From Republican state Rep. Byron Cook’s atrocious mishandling of the original “people’s filibuster” on June 20, when he silenced 700 people ready to testify against new abortion legislation to Lt. Gov. David Dewhurst’s shameless time stamp antics on the night of Wendy Davis’ epic stand in the senate, the first special session this summer was an exercise in public embarrassment for conservative lawmakers accustomed to practicing shady politics without scrutiny. When the second special session began, the Republican Party had given Democrats and progressives a remarkable gift: thousands upon thousands of freshly enraged Texans, who’d watched these reprehensible tactics in action.

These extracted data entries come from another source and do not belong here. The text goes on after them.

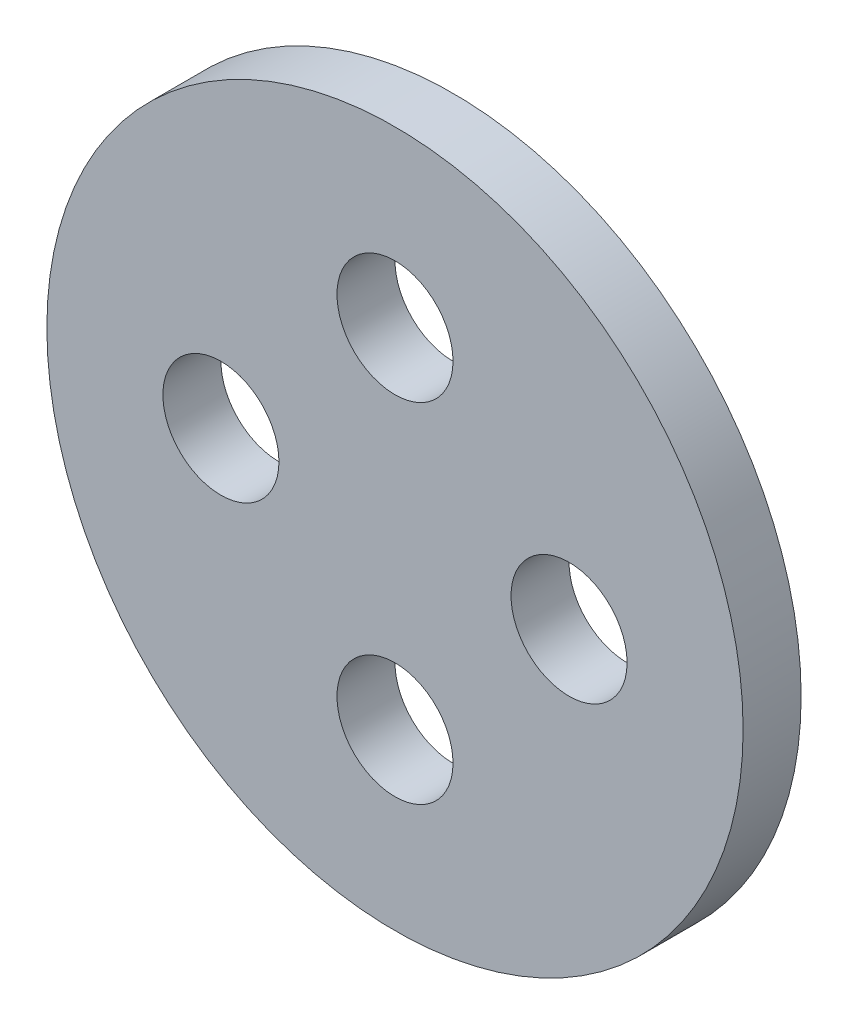
ISO-10303-21;
HEADER;
FILE_DESCRIPTION(('STEP AP214'),'2;1');
FILE_NAME('part.step','',(''),(''),'','','');
FILE_SCHEMA(('AUTOMOTIVE_DESIGN { 1 0 10303 214 1 1 1 1 }'));
ENDSEC;
DATA;
#1=APPLICATION_CONTEXT('core data for automotive mechanical design processes');
#2=APPLICATION_PROTOCOL_DEFINITION('international standard','automotive_design',2000,#1);
#3=PRODUCT_CONTEXT('',#1,'mechanical');
#4=PRODUCT('Part','Part','',(#3));
#5=PRODUCT_RELATED_PRODUCT_CATEGORY('part','',(#4));
#6=PRODUCT_DEFINITION_FORMATION('','',#4);
#7=PRODUCT_DEFINITION_CONTEXT('part definition',#1,'design');
#8=PRODUCT_DEFINITION('design','',#6,#7);
#9=PRODUCT_DEFINITION_SHAPE('','',#8);
#10=(LENGTH_UNIT() NAMED_UNIT(*) SI_UNIT(.MILLI.,.METRE.));
#11=(NAMED_UNIT(*) PLANE_ANGLE_UNIT() SI_UNIT($,.RADIAN.));
#12=(NAMED_UNIT(*) SI_UNIT($,.STERADIAN.) SOLID_ANGLE_UNIT());
#13=UNCERTAINTY_MEASURE_WITH_UNIT(LENGTH_MEASURE(1.E-05),#10,'distance_accuracy_value','');
#14=(GEOMETRIC_REPRESENTATION_CONTEXT(3) GLOBAL_UNCERTAINTY_ASSIGNED_CONTEXT((#13)) GLOBAL_UNIT_ASSIGNED_CONTEXT((#10,
#11,#12)) REPRESENTATION_CONTEXT('',''));
#15=CARTESIAN_POINT('',(0.,0.,0.));
#16=DIRECTION('',(0.,0.,1.));
#17=DIRECTION('',(1.,0.,0.));
#18=AXIS2_PLACEMENT_3D('',#15,#16,#17);
#19=CARTESIAN_POINT('',(0.,0.,1.));
#20=DIRECTION('',(0.,0.,1.));
#21=DIRECTION('',(1.,0.,0.));
#22=AXIS2_PLACEMENT_3D('',#19,#20,#21);
#23=PLANE('',#22);
#24=CARTESIAN_POINT('',(3.95699567787191E-13,-3.,1.));
#25=DIRECTION('',(0.,0.,1.));
#26=DIRECTION('',(1.,0.,0.));
#27=AXIS2_PLACEMENT_3D('',#24,#25,#26);
#28=CIRCLE('',#27,1.);
#29=CARTESIAN_POINT('',(1.0000000000004,-3.,1.));
#30=VERTEX_POINT('',#29);
#31=EDGE_CURVE('E57',#30,#30,#28,.T.);
#32=ORIENTED_EDGE('',*,*,#31,.F.);
#33=EDGE_LOOP('',(#32));
#34=FACE_BOUND('',#33,.T.);
#35=CARTESIAN_POINT('',(0.,3.,1.));
#36=DIRECTION('',(0.,0.,1.));
#37=DIRECTION('',(1.,0.,0.));
#38=AXIS2_PLACEMENT_3D('',#35,#36,#37);
#39=CIRCLE('',#38,1.);
#40=CARTESIAN_POINT('',(1.,3.,1.));
#41=VERTEX_POINT('',#40);
#42=EDGE_CURVE('E46',#41,#41,#39,.T.);
#43=ORIENTED_EDGE('',*,*,#42,.F.);
#44=EDGE_LOOP('',(#43));
#45=FACE_BOUND('',#44,.T.);
#46=CARTESIAN_POINT('',(0.,0.,1.));
#47=DIRECTION('',(0.,0.,1.));
#48=DIRECTION('',(1.,0.,0.));
#49=AXIS2_PLACEMENT_3D('',#46,#47,#48);
#50=CIRCLE('',#49,6.);
#51=CARTESIAN_POINT('',(6.,0.,1.));
#52=VERTEX_POINT('',#51);
#53=EDGE_CURVE('E10',#52,#52,#50,.T.);
#54=ORIENTED_EDGE('',*,*,#53,.T.);
#55=EDGE_LOOP('',(#54));
#56=FACE_BOUND('',#55,.T.);
#57=CARTESIAN_POINT('',(3.0000000000002,1.97849783893595E-13,1.));
#58=DIRECTION('',(0.,0.,1.));
#59=DIRECTION('',(1.,0.,0.));
#60=AXIS2_PLACEMENT_3D('',#57,#58,#59);
#61=CIRCLE('',#60,1.);
#62=CARTESIAN_POINT('',(4.0000000000002,1.97849783893595E-13,1.));
#63=VERTEX_POINT('',#62);
#64=EDGE_CURVE('E51',#63,#63,#61,.T.);
#65=ORIENTED_EDGE('',*,*,#64,.F.);
#66=EDGE_LOOP('',(#65));
#67=FACE_BOUND('',#66,.T.);
#68=CARTESIAN_POINT('',(-2.9999999999998,-1.9821717793334E-13,1.));
#69=DIRECTION('',(0.,0.,1.));
#70=DIRECTION('',(1.,0.,0.));
#71=AXIS2_PLACEMENT_3D('',#68,#69,#70);
#72=CIRCLE('',#71,1.);
#73=CARTESIAN_POINT('',(-1.9999999999998,-1.9821717793334E-13,1.));
#74=VERTEX_POINT('',#73);
#75=EDGE_CURVE('E63',#74,#74,#72,.T.);
#76=ORIENTED_EDGE('',*,*,#75,.F.);
#77=EDGE_LOOP('',(#76));
#78=FACE_BOUND('',#77,.T.);
#79=ADVANCED_FACE('F35',(#34,#45,#56,#67,#78),#23,.T.);
#80=CARTESIAN_POINT('',(0.,0.,0.));
#81=DIRECTION('',(0.,0.,1.));
#82=DIRECTION('',(1.,0.,0.));
#83=AXIS2_PLACEMENT_3D('',#80,#81,#82);
#84=PLANE('',#83);
#85=CARTESIAN_POINT('',(0.,0.,0.));
#86=DIRECTION('',(0.,0.,1.));
#87=DIRECTION('',(1.,0.,0.));
#88=AXIS2_PLACEMENT_3D('',#85,#86,#87);
#89=CIRCLE('',#88,6.);
#90=CARTESIAN_POINT('',(6.,0.,0.));
#91=VERTEX_POINT('',#90);
#92=EDGE_CURVE('E39',#91,#91,#89,.T.);
#93=ORIENTED_EDGE('',*,*,#92,.F.);
#94=EDGE_LOOP('',(#93));
#95=FACE_BOUND('',#94,.T.);
#96=CARTESIAN_POINT('',(0.,3.,0.));
#97=DIRECTION('',(0.,0.,1.));
#98=DIRECTION('',(1.,0.,0.));
#99=AXIS2_PLACEMENT_3D('',#96,#97,#98);
#100=CIRCLE('',#99,1.);
#101=CARTESIAN_POINT('',(1.,3.,0.));
#102=VERTEX_POINT('',#101);
#103=EDGE_CURVE('E48',#102,#102,#100,.T.);
#104=ORIENTED_EDGE('',*,*,#103,.T.);
#105=EDGE_LOOP('',(#104));
#106=FACE_BOUND('',#105,.T.);
#107=CARTESIAN_POINT('',(3.0000000000002,1.97849783893595E-13,0.));
#108=DIRECTION('',(0.,0.,1.));
#109=DIRECTION('',(1.,0.,0.));
#110=AXIS2_PLACEMENT_3D('',#107,#108,#109);
#111=CIRCLE('',#110,1.);
#112=CARTESIAN_POINT('',(4.0000000000002,1.97849783893595E-13,0.));
#113=VERTEX_POINT('',#112);
#114=EDGE_CURVE('E54',#113,#113,#111,.T.);
#115=ORIENTED_EDGE('',*,*,#114,.T.);
#116=EDGE_LOOP('',(#115));
#117=FACE_BOUND('',#116,.T.);
#118=CARTESIAN_POINT('',(3.95699567787191E-13,-3.,0.));
#119=DIRECTION('',(0.,0.,1.));
#120=DIRECTION('',(1.,0.,0.));
#121=AXIS2_PLACEMENT_3D('',#118,#119,#120);
#122=CIRCLE('',#121,1.);
#123=CARTESIAN_POINT('',(1.0000000000004,-3.,0.));
#124=VERTEX_POINT('',#123);
#125=EDGE_CURVE('E60',#124,#124,#122,.T.);
#126=ORIENTED_EDGE('',*,*,#125,.T.);
#127=EDGE_LOOP('',(#126));
#128=FACE_BOUND('',#127,.T.);
#129=CARTESIAN_POINT('',(-2.9999999999998,-1.9821717793334E-13,0.));
#130=DIRECTION('',(0.,0.,1.));
#131=DIRECTION('',(1.,0.,0.));
#132=AXIS2_PLACEMENT_3D('',#129,#130,#131);
#133=CIRCLE('',#132,1.);
#134=CARTESIAN_POINT('',(-1.9999999999998,-1.9821717793334E-13,0.));
#135=VERTEX_POINT('',#134);
#136=EDGE_CURVE('E66',#135,#135,#133,.T.);
#137=ORIENTED_EDGE('',*,*,#136,.T.);
#138=EDGE_LOOP('',(#137));
#139=FACE_BOUND('',#138,.T.);
#140=ADVANCED_FACE('F76',(#95,#106,#117,#128,#139),#84,.F.);
#141=CARTESIAN_POINT('',(0.,0.,1.));
#142=DIRECTION('',(0.,0.,-1.));
#143=DIRECTION('',(-1.,0.,0.));
#144=AXIS2_PLACEMENT_3D('',#141,#142,#143);
#145=CYLINDRICAL_SURFACE('',#144,6.);
#146=ORIENTED_EDGE('',*,*,#53,.F.);
#147=EDGE_LOOP('',(#146));
#148=FACE_BOUND('',#147,.T.);
#149=ORIENTED_EDGE('',*,*,#92,.T.);
#150=EDGE_LOOP('',(#149));
#151=FACE_BOUND('',#150,.T.);
#152=ADVANCED_FACE('F37',(#148,#151),#145,.T.);
#153=CARTESIAN_POINT('',(0.,3.,1.));
#154=DIRECTION('',(0.,0.,-1.));
#155=DIRECTION('',(-1.,0.,0.));
#156=AXIS2_PLACEMENT_3D('',#153,#154,#155);
#157=CYLINDRICAL_SURFACE('',#156,1.);
#158=ORIENTED_EDGE('',*,*,#42,.T.);
#159=EDGE_LOOP('',(#158));
#160=FACE_BOUND('',#159,.T.);
#161=ORIENTED_EDGE('',*,*,#103,.F.);
#162=EDGE_LOOP('',(#161));
#163=FACE_BOUND('',#162,.T.);
#164=ADVANCED_FACE('F86',(#160,#163),#157,.F.);
#165=CARTESIAN_POINT('',(3.0000000000002,1.97849783893595E-13,1.));
#166=DIRECTION('',(0.,0.,-1.));
#167=DIRECTION('',(-1.,0.,0.));
#168=AXIS2_PLACEMENT_3D('',#165,#166,#167);
#169=CYLINDRICAL_SURFACE('',#168,1.);
#170=ORIENTED_EDGE('',*,*,#64,.T.);
#171=EDGE_LOOP('',(#170));
#172=FACE_BOUND('',#171,.T.);
#173=ORIENTED_EDGE('',*,*,#114,.F.);
#174=EDGE_LOOP('',(#173));
#175=FACE_BOUND('',#174,.T.);
#176=ADVANCED_FACE('F89',(#172,#175),#169,.F.);
#177=CARTESIAN_POINT('',(3.95699567787191E-13,-3.,1.));
#178=DIRECTION('',(0.,0.,-1.));
#179=DIRECTION('',(-1.,0.,0.));
#180=AXIS2_PLACEMENT_3D('',#177,#178,#179);
#181=CYLINDRICAL_SURFACE('',#180,1.);
#182=ORIENTED_EDGE('',*,*,#31,.T.);
#183=EDGE_LOOP('',(#182));
#184=FACE_BOUND('',#183,.T.);
#185=ORIENTED_EDGE('',*,*,#125,.F.);
#186=EDGE_LOOP('',(#185));
#187=FACE_BOUND('',#186,.T.);
#188=ADVANCED_FACE('F93',(#184,#187),#181,.F.);
#189=CARTESIAN_POINT('',(-2.9999999999998,-1.9821717793334E-13,1.));
#190=DIRECTION('',(0.,0.,-1.));
#191=DIRECTION('',(-1.,0.,0.));
#192=AXIS2_PLACEMENT_3D('',#189,#190,#191);
#193=CYLINDRICAL_SURFACE('',#192,1.);
#194=ORIENTED_EDGE('',*,*,#75,.T.);
#195=EDGE_LOOP('',(#194));
#196=FACE_BOUND('',#195,.T.);
#197=ORIENTED_EDGE('',*,*,#136,.F.);
#198=EDGE_LOOP('',(#197));
#199=FACE_BOUND('',#198,.T.);
#200=ADVANCED_FACE('F72',(#196,#199),#193,.F.);
#201=CLOSED_SHELL('',(#79,#140,#152,#164,#176,#188,#200));
#202=MANIFOLD_SOLID_BREP('B2',#201);
#203=ADVANCED_BREP_SHAPE_REPRESENTATION('',(#18,#202),#14);
#204=SHAPE_DEFINITION_REPRESENTATION(#9,#203);
ENDSEC;
END-ISO-10303-21;
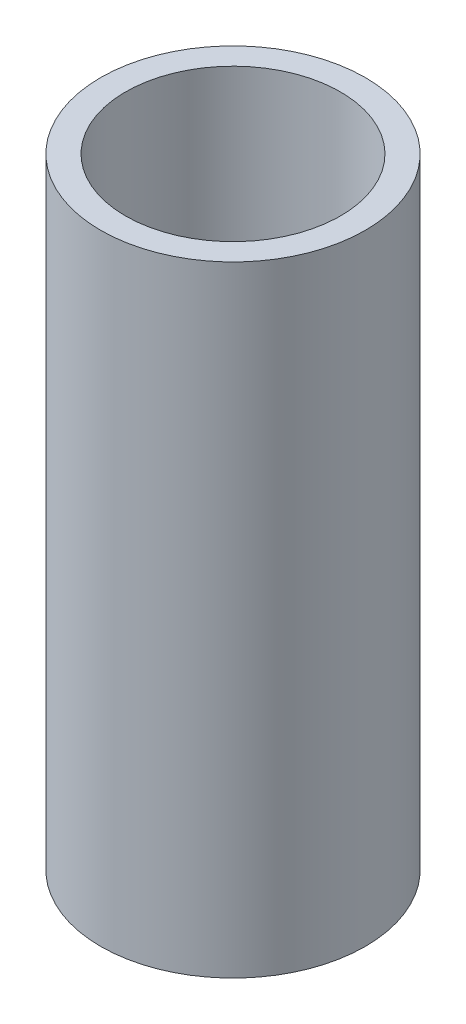
ISO-10303-21;
HEADER;
FILE_DESCRIPTION(('STEP AP214'),'2;1');
FILE_NAME('part.step','',(''),(''),'','','');
FILE_SCHEMA(('AUTOMOTIVE_DESIGN { 1 0 10303 214 1 1 1 1 }'));
ENDSEC;
DATA;
#1=APPLICATION_CONTEXT('core data for automotive mechanical design processes');
#2=APPLICATION_PROTOCOL_DEFINITION('international standard','automotive_design',2000,#1);
#3=PRODUCT_CONTEXT('',#1,'mechanical');
#4=PRODUCT('Part','Part','',(#3));
#5=PRODUCT_RELATED_PRODUCT_CATEGORY('part','',(#4));
#6=PRODUCT_DEFINITION_FORMATION('','',#4);
#7=PRODUCT_DEFINITION_CONTEXT('part definition',#1,'design');
#8=PRODUCT_DEFINITION('design','',#6,#7);
#9=PRODUCT_DEFINITION_SHAPE('','',#8);
#10=(LENGTH_UNIT() NAMED_UNIT(*) SI_UNIT(.MILLI.,.METRE.));
#11=(NAMED_UNIT(*) PLANE_ANGLE_UNIT() SI_UNIT($,.RADIAN.));
#12=(NAMED_UNIT(*) SI_UNIT($,.STERADIAN.) SOLID_ANGLE_UNIT());
#13=UNCERTAINTY_MEASURE_WITH_UNIT(LENGTH_MEASURE(1.E-05),#10,'distance_accuracy_value','');
#14=(GEOMETRIC_REPRESENTATION_CONTEXT(3) GLOBAL_UNCERTAINTY_ASSIGNED_CONTEXT((#13)) GLOBAL_UNIT_ASSIGNED_CONTEXT((#10,
#11,#12)) REPRESENTATION_CONTEXT('',''));
#15=CARTESIAN_POINT('',(0.,0.,0.));
#16=DIRECTION('',(0.,0.,1.));
#17=DIRECTION('',(1.,0.,0.));
#18=AXIS2_PLACEMENT_3D('',#15,#16,#17);
#19=CARTESIAN_POINT('',(0.,82.0234871998214,0.));
#20=DIRECTION('',(0.,-1.,0.));
#21=DIRECTION('',(0.,0.,-1.));
#22=AXIS2_PLACEMENT_3D('',#19,#20,#21);
#23=CYLINDRICAL_SURFACE('',#22,17.5);
#24=CARTESIAN_POINT('',(0.,82.0234871998214,0.));
#25=DIRECTION('',(0.,1.,0.));
#26=DIRECTION('',(0.,0.,1.));
#27=AXIS2_PLACEMENT_3D('',#24,#25,#26);
#28=CIRCLE('',#27,17.5);
#29=CARTESIAN_POINT('',(0.,82.0234871998214,17.5));
#30=VERTEX_POINT('',#29);
#31=EDGE_CURVE('E10',#30,#30,#28,.T.);
#32=ORIENTED_EDGE('',*,*,#31,.F.);
#33=EDGE_LOOP('',(#32));
#34=FACE_BOUND('',#33,.T.);
#35=CARTESIAN_POINT('',(0.,0.,0.));
#36=DIRECTION('',(0.,1.,0.));
#37=DIRECTION('',(0.,0.,1.));
#38=AXIS2_PLACEMENT_3D('',#35,#36,#37);
#39=CIRCLE('',#38,17.5);
#40=CARTESIAN_POINT('',(0.,0.,17.5));
#41=VERTEX_POINT('',#40);
#42=EDGE_CURVE('E37',#41,#41,#39,.T.);
#43=ORIENTED_EDGE('',*,*,#42,.T.);
#44=EDGE_LOOP('',(#43));
#45=FACE_BOUND('',#44,.T.);
#46=ADVANCED_FACE('F40',(#34,#45),#23,.T.);
#47=CARTESIAN_POINT('',(0.,82.0234871998214,0.));
#48=DIRECTION('',(0.,1.,0.));
#49=DIRECTION('',(0.,0.,1.));
#50=AXIS2_PLACEMENT_3D('',#47,#48,#49);
#51=PLANE('',#50);
#52=CARTESIAN_POINT('',(0.,82.0234871998214,0.));
#53=DIRECTION('',(0.,1.,0.));
#54=DIRECTION('',(0.,0.,1.));
#55=AXIS2_PLACEMENT_3D('',#52,#53,#54);
#56=CIRCLE('',#55,14.2152156994468);
#57=CARTESIAN_POINT('',(0.,82.0234871998214,14.2152156994468));
#58=VERTEX_POINT('',#57);
#59=EDGE_CURVE('E50',#58,#58,#56,.T.);
#60=ORIENTED_EDGE('',*,*,#59,.F.);
#61=EDGE_LOOP('',(#60));
#62=FACE_BOUND('',#61,.T.);
#63=ORIENTED_EDGE('',*,*,#31,.T.);
#64=EDGE_LOOP('',(#63));
#65=FACE_BOUND('',#64,.T.);
#66=ADVANCED_FACE('F59',(#62,#65),#51,.T.);
#67=CARTESIAN_POINT('',(0.,0.,0.));
#68=DIRECTION('',(0.,1.,0.));
#69=DIRECTION('',(0.,0.,1.));
#70=AXIS2_PLACEMENT_3D('',#67,#68,#69);
#71=PLANE('',#70);
#72=CARTESIAN_POINT('',(0.,0.,0.));
#73=DIRECTION('',(0.,1.,0.));
#74=DIRECTION('',(0.,0.,1.));
#75=AXIS2_PLACEMENT_3D('',#72,#73,#74);
#76=CIRCLE('',#75,14.2152156994468);
#77=CARTESIAN_POINT('',(0.,0.,14.2152156994468));
#78=VERTEX_POINT('',#77);
#79=EDGE_CURVE('E47',#78,#78,#76,.T.);
#80=ORIENTED_EDGE('',*,*,#79,.T.);
#81=EDGE_LOOP('',(#80));
#82=FACE_BOUND('',#81,.T.);
#83=ORIENTED_EDGE('',*,*,#42,.F.);
#84=EDGE_LOOP('',(#83));
#85=FACE_BOUND('',#84,.T.);
#86=ADVANCED_FACE('F58',(#82,#85),#71,.F.);
#87=CARTESIAN_POINT('',(0.,82.0234871998214,0.));
#88=DIRECTION('',(0.,-1.,0.));
#89=DIRECTION('',(0.,0.,-1.));
#90=AXIS2_PLACEMENT_3D('',#87,#88,#89);
#91=CYLINDRICAL_SURFACE('',#90,14.2152156994468);
#92=ORIENTED_EDGE('',*,*,#59,.T.);
#93=EDGE_LOOP('',(#92));
#94=FACE_BOUND('',#93,.T.);
#95=ORIENTED_EDGE('',*,*,#79,.F.);
#96=EDGE_LOOP('',(#95));
#97=FACE_BOUND('',#96,.T.);
#98=ADVANCED_FACE('F54',(#94,#97),#91,.F.);
#99=CLOSED_SHELL('',(#46,#66,#86,#98));
#100=MANIFOLD_SOLID_BREP('B2',#99);
#101=ADVANCED_BREP_SHAPE_REPRESENTATION('',(#18,#100),#14);
#102=SHAPE_DEFINITION_REPRESENTATION(#9,#101);
ENDSEC;
END-ISO-10303-21;

While every HB 2 protestor knew that the bill’s ultimate passage was a done deal, they had already realized the sheer power of public witness.
It’s one thing for Republican lawmakers to crow about personal responsibility, but when legislators decimate family planning funding, shut down good, quality health centers, and refuse to toss even the smallest scraps to children’s Medicaid or food stamps, they deny Texans the opportunity to demonstrate how resourceful and responsible they can be in the first place. And this year, Republican legislators have done all of this in full view of hundreds of thousands of Texans paying very close attention.
“Pull yourselves up by your bootstraps!” says Texas to its poorest citizens, even as it snatches those boots away, outlaws escalators, jams elevator doors shut, over-regulates ladders and pulleys, and restricts the sale of bootstraps to the state’s largest cities.
Despite all of this, in the face of certain defeat, thousands of Texans were not cowed into silence. That, I think, is the most important place to begin when we talk about what’s next for the state, not only in terms of undoing the damage done by HB 2 and its ilk but in terms of moving the state from red to blue. Can it be done in four years? In eight years? There is much hand-wringing over the worry that if Texas doesn’t see a sweeping Democratic victory in the next couple of elections, progressive Texans will quietly retreat in resignation, fed up and out of energy. Because Tea Partying conservatives haven’t just pissed off liberals; they’ve alienated their own more reasonable constituents.
The alternative, and one that many Texans would very likely be agreeable to, is turning not blue but purple, and ousting some of the hyper-right-wing conservative legislators who either took office during the Tea Party frenzy, or sitting legislators who took that opportunity to jump on the bandwagon. There are moderate Republicans here who trust their doctors and medical associations, who believe that the practice of religion belongs in the church and in the home, but their voices have been drowned out by the likes of Dan Patrick, Glenn Hegar, Donna Campbell, and Jodie “Rape Kits Clean a Woman Out” Laubenberg.
I don’t believe the kind of political enfranchisement we saw in Texas this summer is a one-time deal. I think it’s a starter package. Reasonable Texans know we have a long way to go. We’ve known that for a long, long time. What we have now is a road map and a rucksack of supplies. We have grassroots movements like the Feminist Justice League, organizing in both English and Spanish with actions for Texans to take from their own homes, and calls to public meetings across the state. We have seen a surge in donations to the Lilith Fund, which helps low-income Texans pay for abortion, and to Jane’s Due Process, which helps minors seeking abortions navigate the legal system.
We have Twitter, Facebook, Ustream, open records, independent media outlets, and an ability to see a larger landscape beyond our own gerrymandered home districts—although certainly we see those home districts more clearly than ever, now, and have a better understanding of just how dirty Republicans will play to keep them intact.
Reasonable Texans have not been handed a fry-up of big-mouth bass and hushpuppies. We’ve been taught how to fish. So grab a pitcher to go with that catch. We’ve got a lot to talk about.